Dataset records
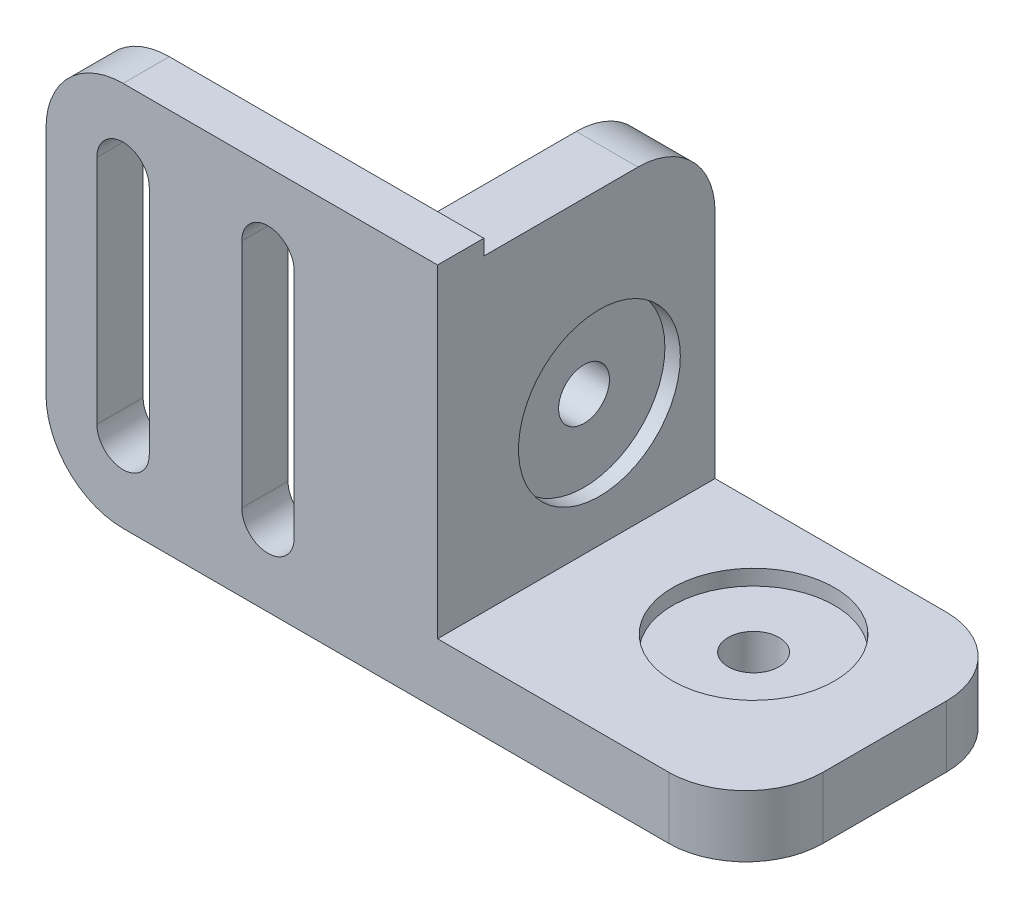
from build123d import *

# Parameters (mm, degrees)
RESSALTO_EXTRUS_O2_DEPTH   = 15
ESBO_O4_R                  = 1.65
CORTE_EXTRUS_O1_DEPTH      = 1
CORTE_EXTRUS_O1_DEPTH_BACK = 25
ESBO_O5_R                  = 1.65
CORTE_EXTRUS_O2_DEPTH      = 15
ESBO_O6_R                  = 5.25
CORTE_EXTRUS_O3_DEPTH      = 1
ESBO_O7_R                  = 5.25
CORTE_EXTRUS_O4_DEPTH      = 1
RESSALTO_EXTRUS_O3_DEPTH   = 3
FILETE1_R                  = 5


with BuildPart() as part:
    # Esboço2 → Ressalto-extrusão2 (new body)
    with BuildSketch(Plane.XY):
        Polygon((0, 0), (20, 0), (20, -4), (-4, -4), (-4, 20), (0, 20), align=None)
    extrude(amount=RESSALTO_EXTRUS_O2_DEPTH)

    # Esboço4 → Corte-extrusão1 (cut, two sides)
    with BuildSketch(Plane.ZY.offset(4)) as corte_extrus_o1_sk:
        with Locations((7.5, 8)):
            Circle(ESBO_O4_R)
    extrude(amount=CORTE_EXTRUS_O1_DEPTH, mode=Mode.SUBTRACT)
    extrude(corte_extrus_o1_sk.sketch, amount=-CORTE_EXTRUS_O1_DEPTH_BACK, mode=Mode.SUBTRACT)

    # Esboço5 → Corte-extrusão2 (cut)
    with BuildSketch(Plane(origin=(0, 0, 0), x_dir=(1, 0, 0), z_dir=(0, 1, 0))):
        with Locations((10, -7.5)):
            Circle(ESBO_O5_R)
    extrude(amount=-CORTE_EXTRUS_O2_DEPTH, mode=Mode.SUBTRACT)

    # Esboço6 → Corte-extrusão3 (cut)
    with BuildSketch(Plane(origin=(0, 0, 0), x_dir=(1, 0, 0), z_dir=(0, 1, 0))):
        with Locations((10, -7.5)):
            Circle(ESBO_O6_R)
    extrude(amount=-CORTE_EXTRUS_O3_DEPTH, mode=Mode.SUBTRACT)

    # Esboço7 → Corte-extrusão4 (cut)
    with BuildSketch(Plane(origin=(0, 0, 0), x_dir=(0, 0, -1), z_dir=(1, 0, 0))):
        with Locations((-7.5, 8)):
            Circle(ESBO_O7_R)
    extrude(amount=-CORTE_EXTRUS_O4_DEPTH, mode=Mode.SUBTRACT)

    # Esboço9 → Ressalto-extrusão3 (add)
    with BuildSketch(Plane.XY.offset(15)):
        Polygon((20, -4), (-25.4, -4), (-25.4, 21), (0, 21), (0, 0), (20, 0), align=None)
        with BuildLine():
            Line((-22.1, 16), (-22.1, 1))
            ThreePointArc((-22.1, 1), (-20.4, -0.7), (-18.7, 1))
            Line((-18.7, 1), (-18.7, 16))
            ThreePointArc((-18.7, 16), (-20.4, 17.7), (-22.1, 16))
        make_face(mode=Mode.SUBTRACT)
        with BuildLine():
            Line((-9.3, 1), (-9.3, 16))
            ThreePointArc((-9.3, 16), (-11, 17.7), (-12.7, 16))
            Line((-12.7, 16), (-12.7, 1))
            ThreePointArc((-12.7, 1), (-11, -0.7), (-9.3, 1))
        make_face(mode=Mode.SUBTRACT)
    extrude(amount=RESSALTO_EXTRUS_O3_DEPTH)

    # Filete1
    filete1_edges = [part.edges().sort_by_distance(p)[0] for p in [
        (20, -2, 18),
        (-25.4, 21, 16.5),
        (-25.4, -4, 16.5),
        (20, -2, 0),
        (-2, 20, 0),
    ]]
    fillet(filete1_edges, radius=FILETE1_R)


solid = part.part
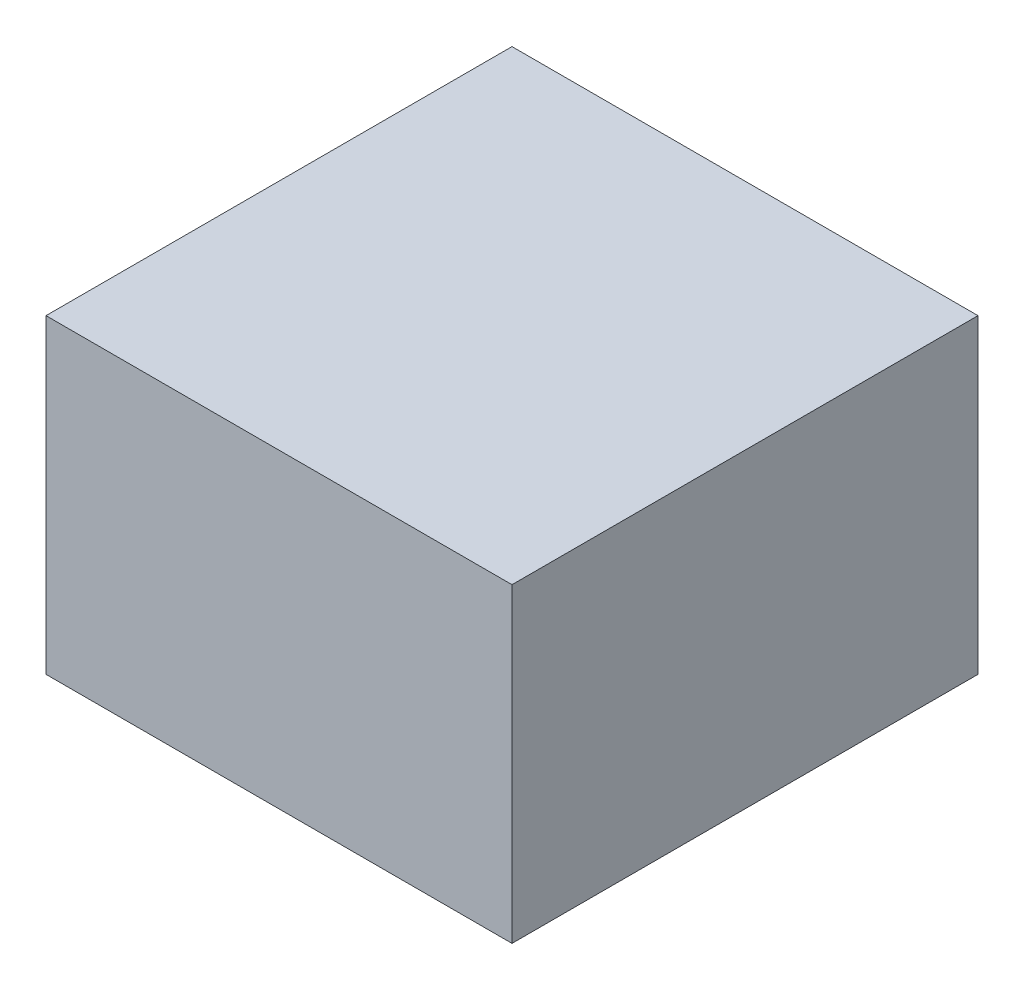
from build123d import *

# Parameters (mm, degrees)
SKETCH1_W           = 76.2
SKETCH1_H           = 76.2
BOSS_EXTRUDE1_DEPTH = 50.8


with BuildPart() as part:
    # Sketch1 → Boss-Extrude1 (new body)
    with BuildSketch(Plane(origin=(0, 0, 0), x_dir=(1, 0, 0), z_dir=(0, 1, 0))):
        with Locations((38.1, -38.1)):
            Rectangle(SKETCH1_W, SKETCH1_H)
    extrude(amount=BOSS_EXTRUDE1_DEPTH)


solid = part.part

Required action:
Please repeat exactly the data above from its first line to the line that contains "# Esboço5 → Corte-extrusão2 (cut)", inclusive, and leave every picture out.

Written solution:
from build123d import *

# Parameters (mm, degrees)
RESSALTO_EXTRUS_O2_DEPTH   = 15
ESBO_O4_R                  = 1.65
CORTE_EXTRUS_O1_DEPTH      = 1
CORTE_EXTRUS_O1_DEPTH_BACK = 25
ESBO_O5_R                  = 1.65
CORTE_EXTRUS_O2_DEPTH      = 15
ESBO_O6_R                  = 5.25
CORTE_EXTRUS_O3_DEPTH      = 1
ESBO_O7_R                  = 5.25
CORTE_EXTRUS_O4_DEPTH      = 1
RESSALTO_EXTRUS_O3_DEPTH   = 3
FILETE1_R                  = 5


with BuildPart() as part:
    # Esboço2 → Ressalto-extrusão2 (new body)
    with BuildSketch(Plane.XY):
        Polygon((0, 0), (20, 0), (20, -4), (-4, -4), (-4, 20), (0, 20), align=None)
    extrude(amount=RESSALTO_EXTRUS_O2_DEPTH)

    # Esboço4 → Corte-extrusão1 (cut, two sides)
    with BuildSketch(Plane.ZY.offset(4)) as corte_extrus_o1_sk:
        with Locations((7.5, 8)):
            Circle(ESBO_O4_R)
    extrude(amount=CORTE_EXTRUS_O1_DEPTH, mode=Mode.SUBTRACT)
    extrude(corte_extrus_o1_sk.sketch, amount=-CORTE_EXTRUS_O1_DEPTH_BACK, mode=Mode.SUBTRACT)

    # Esboço5 → Corte-extrusão2 (cut)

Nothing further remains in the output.